In the data below, set down exactly the lines from the one containing "Bus Element In10" up to and including the one containing "Constant : Constant". Leave the pictures out.
***** Task inputs
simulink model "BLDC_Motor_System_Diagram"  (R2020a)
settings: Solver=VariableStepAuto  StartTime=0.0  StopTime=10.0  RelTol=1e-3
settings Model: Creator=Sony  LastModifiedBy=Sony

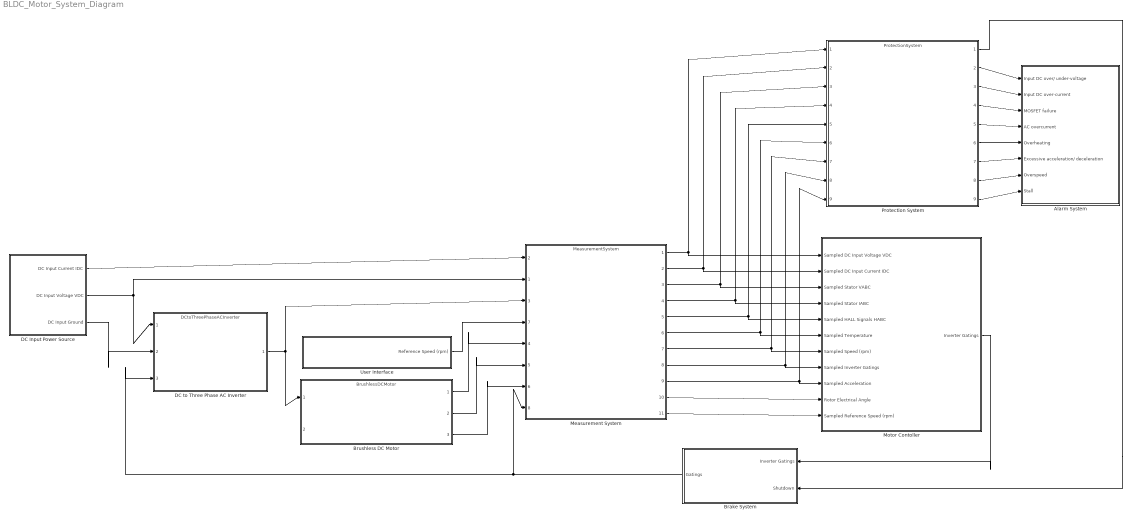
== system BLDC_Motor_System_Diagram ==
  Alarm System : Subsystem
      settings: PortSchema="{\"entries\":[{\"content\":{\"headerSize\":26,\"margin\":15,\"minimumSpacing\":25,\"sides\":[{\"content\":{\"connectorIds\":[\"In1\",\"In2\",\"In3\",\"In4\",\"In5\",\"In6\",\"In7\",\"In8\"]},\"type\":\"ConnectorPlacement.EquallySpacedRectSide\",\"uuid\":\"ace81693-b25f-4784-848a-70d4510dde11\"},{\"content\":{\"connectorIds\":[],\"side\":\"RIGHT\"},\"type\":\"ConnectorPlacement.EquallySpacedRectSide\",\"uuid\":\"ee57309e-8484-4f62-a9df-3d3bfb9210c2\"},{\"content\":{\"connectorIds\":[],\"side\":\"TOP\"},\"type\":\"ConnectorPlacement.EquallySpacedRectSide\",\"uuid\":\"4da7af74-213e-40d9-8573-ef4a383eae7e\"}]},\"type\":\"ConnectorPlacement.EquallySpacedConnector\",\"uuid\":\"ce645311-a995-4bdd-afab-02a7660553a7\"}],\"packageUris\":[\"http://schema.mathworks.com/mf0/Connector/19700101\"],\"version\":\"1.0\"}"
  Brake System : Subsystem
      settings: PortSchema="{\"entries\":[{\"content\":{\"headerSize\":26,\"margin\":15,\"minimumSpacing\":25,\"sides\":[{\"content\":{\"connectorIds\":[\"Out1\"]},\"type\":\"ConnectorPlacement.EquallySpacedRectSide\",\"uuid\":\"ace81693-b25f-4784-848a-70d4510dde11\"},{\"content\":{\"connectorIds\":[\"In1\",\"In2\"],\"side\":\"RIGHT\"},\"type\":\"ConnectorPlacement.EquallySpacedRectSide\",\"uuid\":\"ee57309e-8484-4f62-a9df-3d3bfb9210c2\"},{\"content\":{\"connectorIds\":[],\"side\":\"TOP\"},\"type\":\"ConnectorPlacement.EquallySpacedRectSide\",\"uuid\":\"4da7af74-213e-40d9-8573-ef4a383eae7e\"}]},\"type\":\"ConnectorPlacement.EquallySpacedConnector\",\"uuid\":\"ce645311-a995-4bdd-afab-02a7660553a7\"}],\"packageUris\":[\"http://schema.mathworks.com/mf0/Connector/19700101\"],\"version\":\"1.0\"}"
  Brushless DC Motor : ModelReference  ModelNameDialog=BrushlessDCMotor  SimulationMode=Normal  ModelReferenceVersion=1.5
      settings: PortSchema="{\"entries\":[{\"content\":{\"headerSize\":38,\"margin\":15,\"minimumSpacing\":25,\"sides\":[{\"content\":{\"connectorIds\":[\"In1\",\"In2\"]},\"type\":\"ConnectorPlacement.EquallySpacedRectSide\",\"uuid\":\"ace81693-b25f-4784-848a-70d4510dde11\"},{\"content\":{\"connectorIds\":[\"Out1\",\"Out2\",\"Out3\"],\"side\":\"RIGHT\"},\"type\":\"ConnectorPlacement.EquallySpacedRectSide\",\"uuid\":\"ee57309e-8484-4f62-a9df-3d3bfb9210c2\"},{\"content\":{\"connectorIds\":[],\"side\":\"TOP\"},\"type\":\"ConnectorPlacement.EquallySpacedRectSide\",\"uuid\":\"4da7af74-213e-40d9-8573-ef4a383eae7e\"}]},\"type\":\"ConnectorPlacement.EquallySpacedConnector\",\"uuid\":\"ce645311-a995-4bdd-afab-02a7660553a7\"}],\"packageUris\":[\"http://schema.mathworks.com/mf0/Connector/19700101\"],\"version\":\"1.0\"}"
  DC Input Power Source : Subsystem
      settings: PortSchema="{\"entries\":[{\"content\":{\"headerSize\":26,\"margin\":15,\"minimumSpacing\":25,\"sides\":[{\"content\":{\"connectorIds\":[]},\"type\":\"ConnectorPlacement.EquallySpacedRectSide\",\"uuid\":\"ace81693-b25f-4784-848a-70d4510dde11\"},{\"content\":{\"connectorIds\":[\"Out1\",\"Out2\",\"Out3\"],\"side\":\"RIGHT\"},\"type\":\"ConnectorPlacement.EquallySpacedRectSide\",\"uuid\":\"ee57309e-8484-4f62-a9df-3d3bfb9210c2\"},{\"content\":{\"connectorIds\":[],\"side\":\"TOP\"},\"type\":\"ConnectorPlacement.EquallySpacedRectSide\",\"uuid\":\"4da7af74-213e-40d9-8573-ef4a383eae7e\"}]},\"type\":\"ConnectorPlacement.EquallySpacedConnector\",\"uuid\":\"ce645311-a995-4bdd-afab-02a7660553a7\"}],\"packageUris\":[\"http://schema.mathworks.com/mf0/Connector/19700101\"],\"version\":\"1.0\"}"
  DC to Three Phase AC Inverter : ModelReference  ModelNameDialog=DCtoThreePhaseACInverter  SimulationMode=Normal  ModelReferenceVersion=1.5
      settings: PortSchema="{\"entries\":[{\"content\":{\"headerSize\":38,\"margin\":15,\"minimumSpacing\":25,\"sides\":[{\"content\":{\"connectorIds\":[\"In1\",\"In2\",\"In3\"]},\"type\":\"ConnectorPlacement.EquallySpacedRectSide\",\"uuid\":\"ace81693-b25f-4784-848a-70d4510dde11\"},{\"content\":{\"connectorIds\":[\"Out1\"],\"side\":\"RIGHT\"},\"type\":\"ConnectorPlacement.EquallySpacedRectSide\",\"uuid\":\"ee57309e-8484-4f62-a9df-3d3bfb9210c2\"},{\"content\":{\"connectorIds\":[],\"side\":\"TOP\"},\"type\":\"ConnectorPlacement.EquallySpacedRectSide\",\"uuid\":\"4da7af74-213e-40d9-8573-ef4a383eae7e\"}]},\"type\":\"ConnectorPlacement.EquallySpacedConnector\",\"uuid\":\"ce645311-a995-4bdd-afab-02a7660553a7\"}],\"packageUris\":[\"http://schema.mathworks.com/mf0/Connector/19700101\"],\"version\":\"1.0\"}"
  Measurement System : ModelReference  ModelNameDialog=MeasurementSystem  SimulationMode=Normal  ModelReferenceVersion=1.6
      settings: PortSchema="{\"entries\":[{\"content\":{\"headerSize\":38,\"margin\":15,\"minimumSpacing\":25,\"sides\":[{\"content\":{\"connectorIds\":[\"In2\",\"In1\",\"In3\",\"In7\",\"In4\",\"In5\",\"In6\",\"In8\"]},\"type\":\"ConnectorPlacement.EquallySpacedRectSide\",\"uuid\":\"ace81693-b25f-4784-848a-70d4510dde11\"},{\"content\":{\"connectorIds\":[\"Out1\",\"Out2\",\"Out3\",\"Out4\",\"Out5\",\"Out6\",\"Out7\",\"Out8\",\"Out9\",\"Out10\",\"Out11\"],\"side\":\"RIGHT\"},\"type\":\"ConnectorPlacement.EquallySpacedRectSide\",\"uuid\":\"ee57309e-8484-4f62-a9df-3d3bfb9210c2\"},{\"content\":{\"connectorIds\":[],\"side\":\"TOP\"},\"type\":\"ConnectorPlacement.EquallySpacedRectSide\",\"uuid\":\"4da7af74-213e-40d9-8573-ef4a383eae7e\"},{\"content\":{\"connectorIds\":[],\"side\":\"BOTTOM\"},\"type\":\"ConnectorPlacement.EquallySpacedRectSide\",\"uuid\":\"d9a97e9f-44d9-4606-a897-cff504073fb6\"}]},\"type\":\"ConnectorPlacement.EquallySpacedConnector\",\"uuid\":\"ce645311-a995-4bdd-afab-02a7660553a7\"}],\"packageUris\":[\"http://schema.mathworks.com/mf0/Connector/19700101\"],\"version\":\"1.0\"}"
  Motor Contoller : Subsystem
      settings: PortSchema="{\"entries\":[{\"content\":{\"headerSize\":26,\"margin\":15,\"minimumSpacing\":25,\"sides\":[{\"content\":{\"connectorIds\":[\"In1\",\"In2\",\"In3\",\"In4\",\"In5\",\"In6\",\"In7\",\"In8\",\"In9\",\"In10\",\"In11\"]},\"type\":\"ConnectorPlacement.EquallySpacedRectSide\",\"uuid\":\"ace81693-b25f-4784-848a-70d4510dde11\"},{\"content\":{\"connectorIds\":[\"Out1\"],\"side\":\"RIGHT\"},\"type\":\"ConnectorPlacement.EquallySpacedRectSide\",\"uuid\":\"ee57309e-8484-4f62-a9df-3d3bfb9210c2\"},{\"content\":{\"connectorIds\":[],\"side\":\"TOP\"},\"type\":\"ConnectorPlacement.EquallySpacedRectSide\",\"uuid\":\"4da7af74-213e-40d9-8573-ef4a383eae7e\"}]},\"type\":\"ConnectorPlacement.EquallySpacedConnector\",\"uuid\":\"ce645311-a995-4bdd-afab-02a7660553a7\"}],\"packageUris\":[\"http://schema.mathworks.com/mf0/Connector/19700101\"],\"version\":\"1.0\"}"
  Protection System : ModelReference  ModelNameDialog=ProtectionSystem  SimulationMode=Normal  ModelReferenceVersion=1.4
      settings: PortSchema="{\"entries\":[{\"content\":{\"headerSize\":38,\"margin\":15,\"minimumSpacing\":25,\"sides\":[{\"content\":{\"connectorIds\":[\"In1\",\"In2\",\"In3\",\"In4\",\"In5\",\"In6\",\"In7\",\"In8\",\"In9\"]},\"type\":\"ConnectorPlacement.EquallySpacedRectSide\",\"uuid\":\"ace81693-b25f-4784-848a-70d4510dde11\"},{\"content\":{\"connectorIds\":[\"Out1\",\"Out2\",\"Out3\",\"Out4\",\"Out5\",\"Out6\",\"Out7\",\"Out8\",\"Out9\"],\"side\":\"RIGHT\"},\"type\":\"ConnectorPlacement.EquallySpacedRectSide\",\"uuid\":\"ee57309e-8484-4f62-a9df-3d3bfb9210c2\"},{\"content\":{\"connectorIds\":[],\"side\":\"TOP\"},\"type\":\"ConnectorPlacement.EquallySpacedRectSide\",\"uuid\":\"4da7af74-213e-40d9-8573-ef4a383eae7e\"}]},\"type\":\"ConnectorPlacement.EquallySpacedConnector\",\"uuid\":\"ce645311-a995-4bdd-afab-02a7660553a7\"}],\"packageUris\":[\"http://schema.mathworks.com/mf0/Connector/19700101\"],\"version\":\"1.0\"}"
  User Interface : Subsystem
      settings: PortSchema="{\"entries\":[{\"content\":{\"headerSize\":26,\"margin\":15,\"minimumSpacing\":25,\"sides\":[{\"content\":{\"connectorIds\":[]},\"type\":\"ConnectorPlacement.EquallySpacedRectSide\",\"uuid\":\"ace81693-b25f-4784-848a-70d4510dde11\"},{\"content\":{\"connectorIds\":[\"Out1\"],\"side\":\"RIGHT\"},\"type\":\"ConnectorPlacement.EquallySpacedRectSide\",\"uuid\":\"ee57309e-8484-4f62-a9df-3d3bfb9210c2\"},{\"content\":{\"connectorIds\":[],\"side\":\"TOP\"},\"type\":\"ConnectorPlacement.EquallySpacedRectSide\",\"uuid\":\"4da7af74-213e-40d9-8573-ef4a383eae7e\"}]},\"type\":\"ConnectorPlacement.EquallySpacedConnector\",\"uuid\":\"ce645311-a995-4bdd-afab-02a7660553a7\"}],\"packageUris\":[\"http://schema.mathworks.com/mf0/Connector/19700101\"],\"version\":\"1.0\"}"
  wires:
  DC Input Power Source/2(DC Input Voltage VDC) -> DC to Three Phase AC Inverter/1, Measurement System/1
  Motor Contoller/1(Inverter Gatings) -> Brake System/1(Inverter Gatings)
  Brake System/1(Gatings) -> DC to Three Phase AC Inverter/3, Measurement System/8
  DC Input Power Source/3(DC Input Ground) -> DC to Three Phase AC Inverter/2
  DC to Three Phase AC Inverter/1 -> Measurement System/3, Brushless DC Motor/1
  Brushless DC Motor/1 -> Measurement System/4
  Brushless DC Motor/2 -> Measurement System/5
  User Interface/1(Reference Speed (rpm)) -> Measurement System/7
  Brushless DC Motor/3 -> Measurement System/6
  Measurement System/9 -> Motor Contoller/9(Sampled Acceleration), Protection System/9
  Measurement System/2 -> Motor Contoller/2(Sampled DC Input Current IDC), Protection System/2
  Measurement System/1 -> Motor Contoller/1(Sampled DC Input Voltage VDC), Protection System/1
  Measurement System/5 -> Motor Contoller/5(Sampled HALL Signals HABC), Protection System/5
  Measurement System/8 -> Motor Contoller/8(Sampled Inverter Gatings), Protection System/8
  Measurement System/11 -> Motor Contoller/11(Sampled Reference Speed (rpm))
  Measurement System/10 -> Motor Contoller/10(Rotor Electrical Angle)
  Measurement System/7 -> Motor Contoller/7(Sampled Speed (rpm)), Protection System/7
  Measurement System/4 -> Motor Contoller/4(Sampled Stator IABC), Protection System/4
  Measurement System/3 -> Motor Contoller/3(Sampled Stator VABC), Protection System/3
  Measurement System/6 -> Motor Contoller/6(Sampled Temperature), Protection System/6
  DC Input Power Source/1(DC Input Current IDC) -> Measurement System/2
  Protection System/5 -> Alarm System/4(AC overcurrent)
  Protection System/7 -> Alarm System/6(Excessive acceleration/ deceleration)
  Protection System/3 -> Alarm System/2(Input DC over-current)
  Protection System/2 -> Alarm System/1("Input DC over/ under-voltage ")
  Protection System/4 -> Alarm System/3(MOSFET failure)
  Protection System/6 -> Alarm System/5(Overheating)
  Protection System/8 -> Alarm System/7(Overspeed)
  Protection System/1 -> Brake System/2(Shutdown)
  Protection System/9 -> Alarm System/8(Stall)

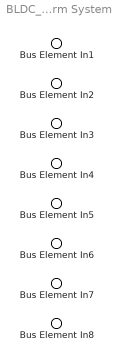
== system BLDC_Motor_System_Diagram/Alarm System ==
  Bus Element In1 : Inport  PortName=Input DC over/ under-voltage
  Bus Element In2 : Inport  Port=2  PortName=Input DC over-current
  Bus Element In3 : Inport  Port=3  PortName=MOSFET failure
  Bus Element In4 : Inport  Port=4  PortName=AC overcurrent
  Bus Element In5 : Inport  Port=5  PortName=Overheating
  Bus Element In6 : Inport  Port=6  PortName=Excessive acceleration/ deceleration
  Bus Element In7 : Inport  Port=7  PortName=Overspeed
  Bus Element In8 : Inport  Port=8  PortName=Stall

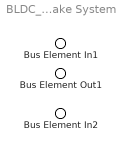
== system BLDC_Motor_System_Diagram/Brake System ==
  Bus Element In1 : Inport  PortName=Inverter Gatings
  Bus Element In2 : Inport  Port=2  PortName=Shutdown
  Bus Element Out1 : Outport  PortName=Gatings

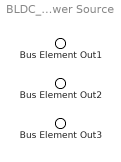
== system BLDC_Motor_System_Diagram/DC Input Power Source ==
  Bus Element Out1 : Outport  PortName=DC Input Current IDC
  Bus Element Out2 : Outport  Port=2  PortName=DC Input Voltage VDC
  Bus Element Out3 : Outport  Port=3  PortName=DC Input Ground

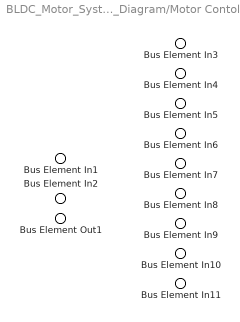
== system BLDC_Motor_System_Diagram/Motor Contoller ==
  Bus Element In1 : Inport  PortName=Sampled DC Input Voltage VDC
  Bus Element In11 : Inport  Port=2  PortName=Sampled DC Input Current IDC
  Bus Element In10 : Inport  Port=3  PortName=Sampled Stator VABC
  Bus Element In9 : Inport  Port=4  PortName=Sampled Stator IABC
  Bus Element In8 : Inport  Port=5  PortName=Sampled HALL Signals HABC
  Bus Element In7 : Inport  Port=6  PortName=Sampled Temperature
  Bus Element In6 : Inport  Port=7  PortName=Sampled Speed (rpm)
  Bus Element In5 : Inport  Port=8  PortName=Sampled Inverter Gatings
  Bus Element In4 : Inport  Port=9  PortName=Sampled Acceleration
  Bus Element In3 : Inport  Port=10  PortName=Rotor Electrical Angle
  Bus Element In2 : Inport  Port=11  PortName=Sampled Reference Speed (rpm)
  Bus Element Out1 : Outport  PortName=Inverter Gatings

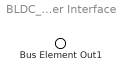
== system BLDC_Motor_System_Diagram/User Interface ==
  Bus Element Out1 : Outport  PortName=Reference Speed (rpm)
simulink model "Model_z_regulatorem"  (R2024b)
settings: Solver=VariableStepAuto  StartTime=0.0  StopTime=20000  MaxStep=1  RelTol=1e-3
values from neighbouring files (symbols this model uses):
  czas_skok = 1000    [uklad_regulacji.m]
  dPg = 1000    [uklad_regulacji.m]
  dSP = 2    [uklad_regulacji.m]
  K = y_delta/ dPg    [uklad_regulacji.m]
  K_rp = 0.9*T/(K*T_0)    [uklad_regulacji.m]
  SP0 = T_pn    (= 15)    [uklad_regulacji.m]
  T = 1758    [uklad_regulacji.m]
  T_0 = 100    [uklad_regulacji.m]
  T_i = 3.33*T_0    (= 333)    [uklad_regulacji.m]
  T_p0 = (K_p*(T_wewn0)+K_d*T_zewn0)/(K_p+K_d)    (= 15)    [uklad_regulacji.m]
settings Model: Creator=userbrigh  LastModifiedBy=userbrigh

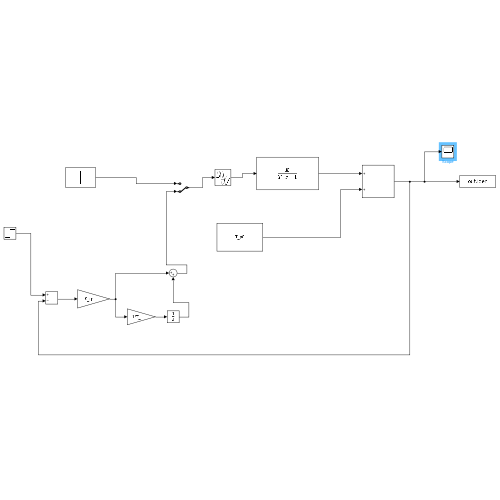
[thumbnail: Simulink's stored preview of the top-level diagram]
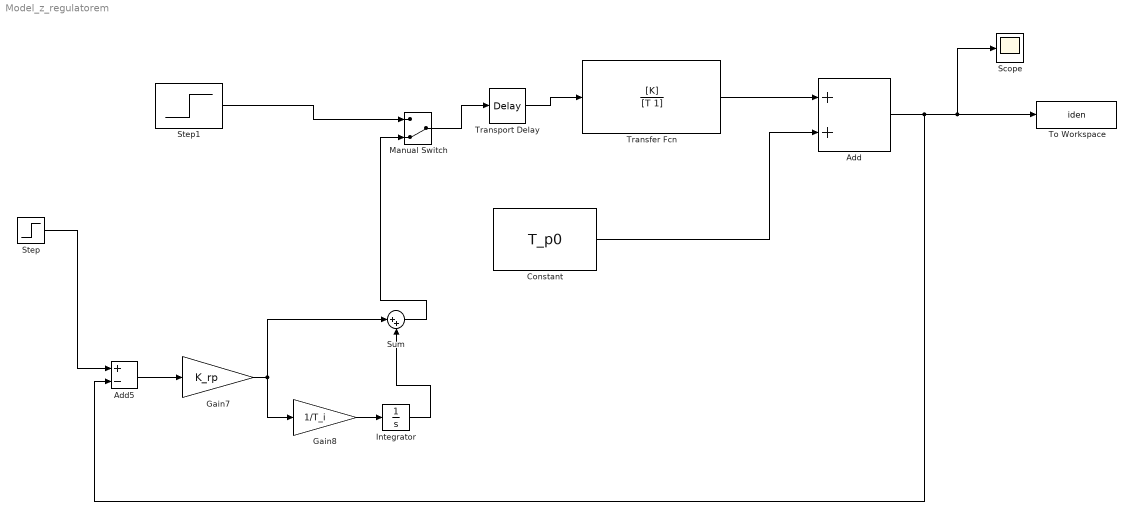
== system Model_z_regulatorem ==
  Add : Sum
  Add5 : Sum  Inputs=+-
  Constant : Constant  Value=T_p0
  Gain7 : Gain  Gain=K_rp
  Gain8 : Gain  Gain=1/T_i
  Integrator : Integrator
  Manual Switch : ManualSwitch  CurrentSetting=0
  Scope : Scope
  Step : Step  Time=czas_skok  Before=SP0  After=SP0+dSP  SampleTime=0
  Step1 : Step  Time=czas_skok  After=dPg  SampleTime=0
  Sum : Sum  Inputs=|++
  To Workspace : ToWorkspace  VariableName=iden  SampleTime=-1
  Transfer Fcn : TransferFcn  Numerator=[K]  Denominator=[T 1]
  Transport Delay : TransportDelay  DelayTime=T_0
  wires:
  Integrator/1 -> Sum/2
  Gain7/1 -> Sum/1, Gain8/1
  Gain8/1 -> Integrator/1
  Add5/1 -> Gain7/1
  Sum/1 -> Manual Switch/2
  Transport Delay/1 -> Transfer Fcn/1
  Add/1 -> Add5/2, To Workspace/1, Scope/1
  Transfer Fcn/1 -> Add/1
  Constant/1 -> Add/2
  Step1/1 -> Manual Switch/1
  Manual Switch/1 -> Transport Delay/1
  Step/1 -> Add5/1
**********
_Your response:_
  Bus Element In10 : Inport  Port=3  PortName=Sampled Stator VABC
  Bus Element In9 : Inport  Port=4  PortName=Sampled Stator IABC
  Bus Element In8 : Inport  Port=5  PortName=Sampled HALL Signals HABC
  Bus Element In7 : Inport  Port=6  PortName=Sampled Temperature
  Bus Element In6 : Inport  Port=7  PortName=Sampled Speed (rpm)
  Bus Element In5 : Inport  Port=8  PortName=Sampled Inverter Gatings
  Bus Element In4 : Inport  Port=9  PortName=Sampled Acceleration
  Bus Element In3 : Inport  Port=10  PortName=Rotor Electrical Angle
  Bus Element In2 : Inport  Port=11  PortName=Sampled Reference Speed (rpm)
  Bus Element Out1 : Outport  PortName=Inverter Gatings

== system BLDC_Motor_System_Diagram/User Interface ==
  Bus Element Out1 : Outport  PortName=Reference Speed (rpm)
simulink model "Model_z_regulatorem"  (R2024b)
settings: Solver=VariableStepAuto  StartTime=0.0  StopTime=20000  MaxStep=1  RelTol=1e-3
values from neighbouring files (symbols this model uses):
  czas_skok = 1000    [uklad_regulacji.m]
  dPg = 1000    [uklad_regulacji.m]
  dSP = 2    [uklad_regulacji.m]
  K = y_delta/ dPg    [uklad_regulacji.m]
  K_rp = 0.9*T/(K*T_0)    [uklad_regulacji.m]
  SP0 = T_pn    (= 15)    [uklad_regulacji.m]
  T = 1758    [uklad_regulacji.m]
  T_0 = 100    [uklad_regulacji.m]
  T_i = 3.33*T_0    (= 333)    [uklad_regulacji.m]
  T_p0 = (K_p*(T_wewn0)+K_d*T_zewn0)/(K_p+K_d)    (= 15)    [uklad_regulacji.m]
settings Model: Creator=userbrigh  LastModifiedBy=userbrigh

[thumbnail: Simulink's stored preview of the top-level diagram]
== system Model_z_regulatorem ==
  Add : Sum
  Add5 : Sum  Inputs=+-
  Constant : Constant  Value=T_p0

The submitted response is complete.